Input records:
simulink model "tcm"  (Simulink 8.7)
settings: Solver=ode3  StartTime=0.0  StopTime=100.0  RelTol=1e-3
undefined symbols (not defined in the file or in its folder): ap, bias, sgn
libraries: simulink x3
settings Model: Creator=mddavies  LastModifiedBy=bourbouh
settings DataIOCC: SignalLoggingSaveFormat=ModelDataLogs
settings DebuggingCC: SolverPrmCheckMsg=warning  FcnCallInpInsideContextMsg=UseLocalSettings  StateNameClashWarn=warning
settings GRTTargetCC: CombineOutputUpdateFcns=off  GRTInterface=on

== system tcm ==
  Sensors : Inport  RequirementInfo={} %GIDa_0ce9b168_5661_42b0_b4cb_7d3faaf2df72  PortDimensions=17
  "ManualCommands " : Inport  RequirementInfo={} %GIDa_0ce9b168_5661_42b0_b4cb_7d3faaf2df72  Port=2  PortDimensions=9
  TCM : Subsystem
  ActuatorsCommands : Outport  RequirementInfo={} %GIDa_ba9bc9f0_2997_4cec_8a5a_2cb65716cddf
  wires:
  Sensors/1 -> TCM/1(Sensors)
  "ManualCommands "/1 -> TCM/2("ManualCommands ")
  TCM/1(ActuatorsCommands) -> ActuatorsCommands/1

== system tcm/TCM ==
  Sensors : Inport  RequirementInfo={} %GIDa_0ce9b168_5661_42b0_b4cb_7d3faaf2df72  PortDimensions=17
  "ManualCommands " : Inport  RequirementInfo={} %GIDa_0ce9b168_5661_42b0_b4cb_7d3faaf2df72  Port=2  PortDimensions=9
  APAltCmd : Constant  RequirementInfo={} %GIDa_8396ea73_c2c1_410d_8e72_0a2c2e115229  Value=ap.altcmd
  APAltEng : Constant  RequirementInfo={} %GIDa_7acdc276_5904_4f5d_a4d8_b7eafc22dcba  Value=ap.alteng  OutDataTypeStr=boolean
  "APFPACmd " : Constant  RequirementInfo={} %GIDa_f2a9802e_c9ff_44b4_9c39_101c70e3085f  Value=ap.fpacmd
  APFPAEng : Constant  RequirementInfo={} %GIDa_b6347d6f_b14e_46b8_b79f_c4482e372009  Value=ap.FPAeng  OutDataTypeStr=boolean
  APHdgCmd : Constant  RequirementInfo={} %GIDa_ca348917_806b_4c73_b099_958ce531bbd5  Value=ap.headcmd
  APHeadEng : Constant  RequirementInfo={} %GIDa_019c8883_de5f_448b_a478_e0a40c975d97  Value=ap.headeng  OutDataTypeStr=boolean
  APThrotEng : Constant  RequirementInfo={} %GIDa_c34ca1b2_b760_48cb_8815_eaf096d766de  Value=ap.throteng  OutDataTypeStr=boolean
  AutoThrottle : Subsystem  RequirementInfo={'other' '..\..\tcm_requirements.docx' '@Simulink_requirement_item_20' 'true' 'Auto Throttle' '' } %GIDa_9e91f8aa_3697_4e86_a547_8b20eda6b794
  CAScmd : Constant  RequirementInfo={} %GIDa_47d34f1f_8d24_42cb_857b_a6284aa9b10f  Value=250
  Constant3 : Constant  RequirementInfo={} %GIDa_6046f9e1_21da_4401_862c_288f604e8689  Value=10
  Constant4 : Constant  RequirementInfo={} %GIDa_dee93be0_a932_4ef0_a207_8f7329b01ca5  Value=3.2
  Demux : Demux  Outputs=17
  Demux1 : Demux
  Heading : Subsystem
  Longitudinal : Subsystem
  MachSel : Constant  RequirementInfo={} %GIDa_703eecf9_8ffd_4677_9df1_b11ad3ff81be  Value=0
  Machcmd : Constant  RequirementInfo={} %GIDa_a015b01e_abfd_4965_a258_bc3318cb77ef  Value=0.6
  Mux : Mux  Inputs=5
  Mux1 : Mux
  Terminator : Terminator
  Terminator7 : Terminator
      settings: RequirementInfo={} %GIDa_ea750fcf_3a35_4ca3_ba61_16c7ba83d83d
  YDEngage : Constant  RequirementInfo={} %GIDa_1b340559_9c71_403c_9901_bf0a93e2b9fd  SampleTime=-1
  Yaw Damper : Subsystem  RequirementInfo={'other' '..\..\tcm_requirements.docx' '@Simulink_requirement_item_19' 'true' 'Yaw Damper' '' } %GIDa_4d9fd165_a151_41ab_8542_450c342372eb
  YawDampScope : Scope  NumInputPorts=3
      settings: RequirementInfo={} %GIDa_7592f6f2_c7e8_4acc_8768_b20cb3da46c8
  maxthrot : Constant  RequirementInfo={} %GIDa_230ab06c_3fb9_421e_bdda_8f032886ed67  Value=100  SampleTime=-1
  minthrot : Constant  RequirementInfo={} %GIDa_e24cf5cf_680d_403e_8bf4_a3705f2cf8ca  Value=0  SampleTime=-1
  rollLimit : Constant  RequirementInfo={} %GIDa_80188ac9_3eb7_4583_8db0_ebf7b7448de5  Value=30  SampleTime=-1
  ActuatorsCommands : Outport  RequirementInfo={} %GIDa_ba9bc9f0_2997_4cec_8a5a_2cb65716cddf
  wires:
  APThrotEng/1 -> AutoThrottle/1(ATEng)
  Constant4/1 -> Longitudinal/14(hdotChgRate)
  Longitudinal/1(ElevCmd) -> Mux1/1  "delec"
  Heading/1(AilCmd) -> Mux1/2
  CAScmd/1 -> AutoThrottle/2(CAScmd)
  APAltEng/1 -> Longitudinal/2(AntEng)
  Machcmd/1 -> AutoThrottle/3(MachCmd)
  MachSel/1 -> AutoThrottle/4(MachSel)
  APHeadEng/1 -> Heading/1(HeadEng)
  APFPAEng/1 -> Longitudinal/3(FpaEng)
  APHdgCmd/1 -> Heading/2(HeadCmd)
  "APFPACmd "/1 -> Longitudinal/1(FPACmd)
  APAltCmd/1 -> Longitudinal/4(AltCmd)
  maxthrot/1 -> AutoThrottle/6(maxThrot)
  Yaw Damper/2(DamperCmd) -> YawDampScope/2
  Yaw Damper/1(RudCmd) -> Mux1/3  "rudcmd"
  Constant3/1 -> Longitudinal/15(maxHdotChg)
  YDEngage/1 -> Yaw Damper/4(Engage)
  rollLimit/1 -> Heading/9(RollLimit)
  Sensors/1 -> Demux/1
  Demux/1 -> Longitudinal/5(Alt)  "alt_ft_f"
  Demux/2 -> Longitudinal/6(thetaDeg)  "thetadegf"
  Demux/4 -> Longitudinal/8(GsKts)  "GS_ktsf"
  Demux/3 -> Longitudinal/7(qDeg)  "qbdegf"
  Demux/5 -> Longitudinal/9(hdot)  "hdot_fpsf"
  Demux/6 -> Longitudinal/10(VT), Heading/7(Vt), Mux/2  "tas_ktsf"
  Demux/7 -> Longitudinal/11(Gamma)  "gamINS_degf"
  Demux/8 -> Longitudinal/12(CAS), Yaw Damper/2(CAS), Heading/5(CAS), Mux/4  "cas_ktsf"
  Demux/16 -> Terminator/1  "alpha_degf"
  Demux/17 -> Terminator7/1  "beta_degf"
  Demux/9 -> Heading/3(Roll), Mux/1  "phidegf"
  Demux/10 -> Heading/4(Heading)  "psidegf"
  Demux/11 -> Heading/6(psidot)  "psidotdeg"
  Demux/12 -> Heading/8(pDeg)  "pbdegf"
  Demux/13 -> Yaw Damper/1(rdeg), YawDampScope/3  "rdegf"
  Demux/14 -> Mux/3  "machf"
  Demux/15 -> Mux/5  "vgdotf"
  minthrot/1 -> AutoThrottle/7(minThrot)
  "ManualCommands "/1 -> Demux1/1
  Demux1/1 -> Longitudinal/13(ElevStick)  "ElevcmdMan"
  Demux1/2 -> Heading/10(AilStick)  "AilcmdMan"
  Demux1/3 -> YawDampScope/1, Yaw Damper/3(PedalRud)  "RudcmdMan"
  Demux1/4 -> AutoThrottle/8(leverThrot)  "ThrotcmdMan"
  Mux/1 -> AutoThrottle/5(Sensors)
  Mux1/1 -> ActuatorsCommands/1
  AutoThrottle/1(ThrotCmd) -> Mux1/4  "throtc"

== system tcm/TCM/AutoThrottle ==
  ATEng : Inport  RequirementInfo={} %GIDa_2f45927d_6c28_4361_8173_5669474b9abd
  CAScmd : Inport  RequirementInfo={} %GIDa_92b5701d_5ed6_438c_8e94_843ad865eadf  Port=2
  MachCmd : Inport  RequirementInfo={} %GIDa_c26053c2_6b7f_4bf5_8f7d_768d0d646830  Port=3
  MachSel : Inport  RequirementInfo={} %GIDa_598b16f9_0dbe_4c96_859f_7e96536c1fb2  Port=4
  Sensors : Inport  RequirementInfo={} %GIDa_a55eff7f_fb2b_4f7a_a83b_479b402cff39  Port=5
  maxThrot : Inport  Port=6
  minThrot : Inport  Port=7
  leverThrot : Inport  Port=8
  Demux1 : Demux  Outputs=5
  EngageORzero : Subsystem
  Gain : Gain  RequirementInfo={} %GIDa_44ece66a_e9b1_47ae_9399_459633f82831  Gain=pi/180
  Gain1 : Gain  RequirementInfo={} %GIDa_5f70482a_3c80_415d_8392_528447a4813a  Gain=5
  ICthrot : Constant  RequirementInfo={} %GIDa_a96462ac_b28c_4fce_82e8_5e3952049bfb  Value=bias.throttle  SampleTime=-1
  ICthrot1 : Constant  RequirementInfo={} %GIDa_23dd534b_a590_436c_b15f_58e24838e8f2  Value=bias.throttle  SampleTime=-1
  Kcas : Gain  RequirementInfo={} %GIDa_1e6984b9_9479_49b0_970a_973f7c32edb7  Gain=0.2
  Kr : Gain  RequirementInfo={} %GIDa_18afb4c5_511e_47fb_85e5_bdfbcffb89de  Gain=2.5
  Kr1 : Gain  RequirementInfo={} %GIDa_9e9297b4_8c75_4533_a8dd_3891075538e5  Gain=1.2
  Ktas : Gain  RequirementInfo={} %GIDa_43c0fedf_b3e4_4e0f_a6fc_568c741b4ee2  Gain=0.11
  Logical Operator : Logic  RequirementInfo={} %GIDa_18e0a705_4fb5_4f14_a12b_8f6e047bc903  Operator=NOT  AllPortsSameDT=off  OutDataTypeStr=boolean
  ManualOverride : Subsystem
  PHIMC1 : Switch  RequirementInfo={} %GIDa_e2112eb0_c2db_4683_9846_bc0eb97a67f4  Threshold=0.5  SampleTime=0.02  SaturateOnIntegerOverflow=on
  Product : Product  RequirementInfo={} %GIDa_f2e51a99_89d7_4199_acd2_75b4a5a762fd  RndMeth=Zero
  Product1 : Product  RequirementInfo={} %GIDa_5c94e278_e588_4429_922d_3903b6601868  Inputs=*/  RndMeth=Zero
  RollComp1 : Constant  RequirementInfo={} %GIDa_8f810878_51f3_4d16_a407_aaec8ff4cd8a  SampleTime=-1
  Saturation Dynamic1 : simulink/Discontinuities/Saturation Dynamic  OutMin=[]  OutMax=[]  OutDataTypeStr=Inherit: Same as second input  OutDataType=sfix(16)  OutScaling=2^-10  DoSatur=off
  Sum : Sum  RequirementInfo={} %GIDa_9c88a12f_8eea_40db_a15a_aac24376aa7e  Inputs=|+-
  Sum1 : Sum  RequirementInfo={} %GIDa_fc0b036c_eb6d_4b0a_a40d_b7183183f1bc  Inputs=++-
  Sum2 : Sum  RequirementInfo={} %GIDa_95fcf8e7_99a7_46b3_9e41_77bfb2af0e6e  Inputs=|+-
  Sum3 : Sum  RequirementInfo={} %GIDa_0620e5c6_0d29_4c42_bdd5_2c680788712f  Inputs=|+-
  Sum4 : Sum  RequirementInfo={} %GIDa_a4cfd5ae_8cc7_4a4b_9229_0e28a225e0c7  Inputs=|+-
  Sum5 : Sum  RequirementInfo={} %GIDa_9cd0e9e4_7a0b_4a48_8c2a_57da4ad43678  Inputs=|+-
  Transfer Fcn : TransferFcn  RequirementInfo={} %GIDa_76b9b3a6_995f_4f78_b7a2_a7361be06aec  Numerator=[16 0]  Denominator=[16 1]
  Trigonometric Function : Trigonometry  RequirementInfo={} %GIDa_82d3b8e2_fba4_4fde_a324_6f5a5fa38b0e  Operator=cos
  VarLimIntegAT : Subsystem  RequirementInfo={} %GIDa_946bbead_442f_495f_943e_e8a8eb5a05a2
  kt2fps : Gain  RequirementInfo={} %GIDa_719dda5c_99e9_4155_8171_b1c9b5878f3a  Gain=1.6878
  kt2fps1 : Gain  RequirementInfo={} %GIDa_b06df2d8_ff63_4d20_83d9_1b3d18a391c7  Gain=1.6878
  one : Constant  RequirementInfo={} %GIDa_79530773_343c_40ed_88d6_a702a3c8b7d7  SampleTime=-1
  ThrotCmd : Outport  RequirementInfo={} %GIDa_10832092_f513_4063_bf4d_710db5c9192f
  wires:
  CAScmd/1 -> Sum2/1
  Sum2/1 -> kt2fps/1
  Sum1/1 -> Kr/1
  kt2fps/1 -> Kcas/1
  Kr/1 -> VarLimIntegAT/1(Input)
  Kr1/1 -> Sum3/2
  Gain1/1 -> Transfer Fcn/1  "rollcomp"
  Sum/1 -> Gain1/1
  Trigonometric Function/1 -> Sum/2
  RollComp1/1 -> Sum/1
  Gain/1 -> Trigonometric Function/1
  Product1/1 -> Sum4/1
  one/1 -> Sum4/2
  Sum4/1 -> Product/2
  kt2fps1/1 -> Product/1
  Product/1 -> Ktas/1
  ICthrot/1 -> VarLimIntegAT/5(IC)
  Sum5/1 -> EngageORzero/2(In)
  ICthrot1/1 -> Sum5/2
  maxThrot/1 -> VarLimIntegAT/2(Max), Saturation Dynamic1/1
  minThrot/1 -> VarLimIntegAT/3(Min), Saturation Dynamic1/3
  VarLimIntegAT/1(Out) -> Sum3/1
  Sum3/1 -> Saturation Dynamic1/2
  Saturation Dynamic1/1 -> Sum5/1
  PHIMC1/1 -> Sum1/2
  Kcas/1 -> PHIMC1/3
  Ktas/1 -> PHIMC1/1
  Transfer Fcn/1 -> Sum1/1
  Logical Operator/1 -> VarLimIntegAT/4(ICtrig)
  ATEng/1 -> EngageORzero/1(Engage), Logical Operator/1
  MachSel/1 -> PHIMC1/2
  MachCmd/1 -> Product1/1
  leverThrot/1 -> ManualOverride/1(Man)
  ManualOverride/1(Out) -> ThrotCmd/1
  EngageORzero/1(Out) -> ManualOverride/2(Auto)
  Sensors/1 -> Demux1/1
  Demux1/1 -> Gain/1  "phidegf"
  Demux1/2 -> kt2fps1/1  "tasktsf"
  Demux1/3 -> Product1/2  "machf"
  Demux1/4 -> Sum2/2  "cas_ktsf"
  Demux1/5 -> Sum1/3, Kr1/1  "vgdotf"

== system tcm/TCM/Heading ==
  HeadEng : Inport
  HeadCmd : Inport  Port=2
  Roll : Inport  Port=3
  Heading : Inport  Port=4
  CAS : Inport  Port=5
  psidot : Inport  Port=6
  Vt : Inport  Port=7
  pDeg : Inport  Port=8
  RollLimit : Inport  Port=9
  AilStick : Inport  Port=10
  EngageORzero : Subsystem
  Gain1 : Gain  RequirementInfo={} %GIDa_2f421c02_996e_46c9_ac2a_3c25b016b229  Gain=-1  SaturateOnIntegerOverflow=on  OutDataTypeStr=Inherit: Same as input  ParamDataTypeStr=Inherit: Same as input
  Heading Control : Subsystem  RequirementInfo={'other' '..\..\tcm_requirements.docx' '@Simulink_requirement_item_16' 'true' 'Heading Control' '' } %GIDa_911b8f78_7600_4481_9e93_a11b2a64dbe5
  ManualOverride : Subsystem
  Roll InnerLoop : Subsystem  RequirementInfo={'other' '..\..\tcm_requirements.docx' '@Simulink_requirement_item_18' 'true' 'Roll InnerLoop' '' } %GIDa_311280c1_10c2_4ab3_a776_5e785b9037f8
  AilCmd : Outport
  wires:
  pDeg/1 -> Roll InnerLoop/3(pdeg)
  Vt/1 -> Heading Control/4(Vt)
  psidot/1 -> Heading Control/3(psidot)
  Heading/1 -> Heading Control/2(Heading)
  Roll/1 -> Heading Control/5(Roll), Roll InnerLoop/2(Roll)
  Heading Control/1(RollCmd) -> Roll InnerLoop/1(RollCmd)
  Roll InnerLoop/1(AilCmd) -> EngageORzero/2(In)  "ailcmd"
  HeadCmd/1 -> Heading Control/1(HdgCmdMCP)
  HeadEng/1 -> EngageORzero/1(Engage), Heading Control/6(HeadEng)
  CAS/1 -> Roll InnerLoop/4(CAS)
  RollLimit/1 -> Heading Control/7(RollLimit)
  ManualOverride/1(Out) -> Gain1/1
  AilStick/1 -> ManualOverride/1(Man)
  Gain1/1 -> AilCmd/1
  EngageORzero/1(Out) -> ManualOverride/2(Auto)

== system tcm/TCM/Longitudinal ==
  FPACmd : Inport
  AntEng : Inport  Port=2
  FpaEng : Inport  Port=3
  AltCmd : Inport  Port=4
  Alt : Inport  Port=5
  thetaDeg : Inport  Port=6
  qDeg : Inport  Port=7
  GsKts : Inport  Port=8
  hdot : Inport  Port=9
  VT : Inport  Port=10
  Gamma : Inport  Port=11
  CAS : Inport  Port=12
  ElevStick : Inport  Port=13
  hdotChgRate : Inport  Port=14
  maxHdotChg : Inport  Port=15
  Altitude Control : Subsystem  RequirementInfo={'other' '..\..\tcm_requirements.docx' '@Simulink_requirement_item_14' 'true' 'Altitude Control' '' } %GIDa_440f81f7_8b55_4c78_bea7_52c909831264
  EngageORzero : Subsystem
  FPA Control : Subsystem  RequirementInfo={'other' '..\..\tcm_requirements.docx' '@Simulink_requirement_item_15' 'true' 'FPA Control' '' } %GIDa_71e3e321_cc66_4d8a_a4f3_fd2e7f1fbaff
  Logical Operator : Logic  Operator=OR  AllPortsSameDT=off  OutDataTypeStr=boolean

Problem requirements:
Only the lines above starting at the one containing "Yaw Damper/2(DamperCmd) -> YawDampScope/2" and ending at the one containing "Demux/17 -> Terminator7/1", both included, are to be returned, exactly as they read.

Answer section:
  Yaw Damper/2(DamperCmd) -> YawDampScope/2
  Yaw Damper/1(RudCmd) -> Mux1/3  "rudcmd"
  Constant3/1 -> Longitudinal/15(maxHdotChg)
  YDEngage/1 -> Yaw Damper/4(Engage)
  rollLimit/1 -> Heading/9(RollLimit)
  Sensors/1 -> Demux/1
  Demux/1 -> Longitudinal/5(Alt)  "alt_ft_f"
  Demux/2 -> Longitudinal/6(thetaDeg)  "thetadegf"
  Demux/4 -> Longitudinal/8(GsKts)  "GS_ktsf"
  Demux/3 -> Longitudinal/7(qDeg)  "qbdegf"
  Demux/5 -> Longitudinal/9(hdot)  "hdot_fpsf"
  Demux/6 -> Longitudinal/10(VT), Heading/7(Vt), Mux/2  "tas_ktsf"
  Demux/7 -> Longitudinal/11(Gamma)  "gamINS_degf"
  Demux/8 -> Longitudinal/12(CAS), Yaw Damper/2(CAS), Heading/5(CAS), Mux/4  "cas_ktsf"
  Demux/16 -> Terminator/1  "alpha_degf"
  Demux/17 -> Terminator7/1  "beta_degf"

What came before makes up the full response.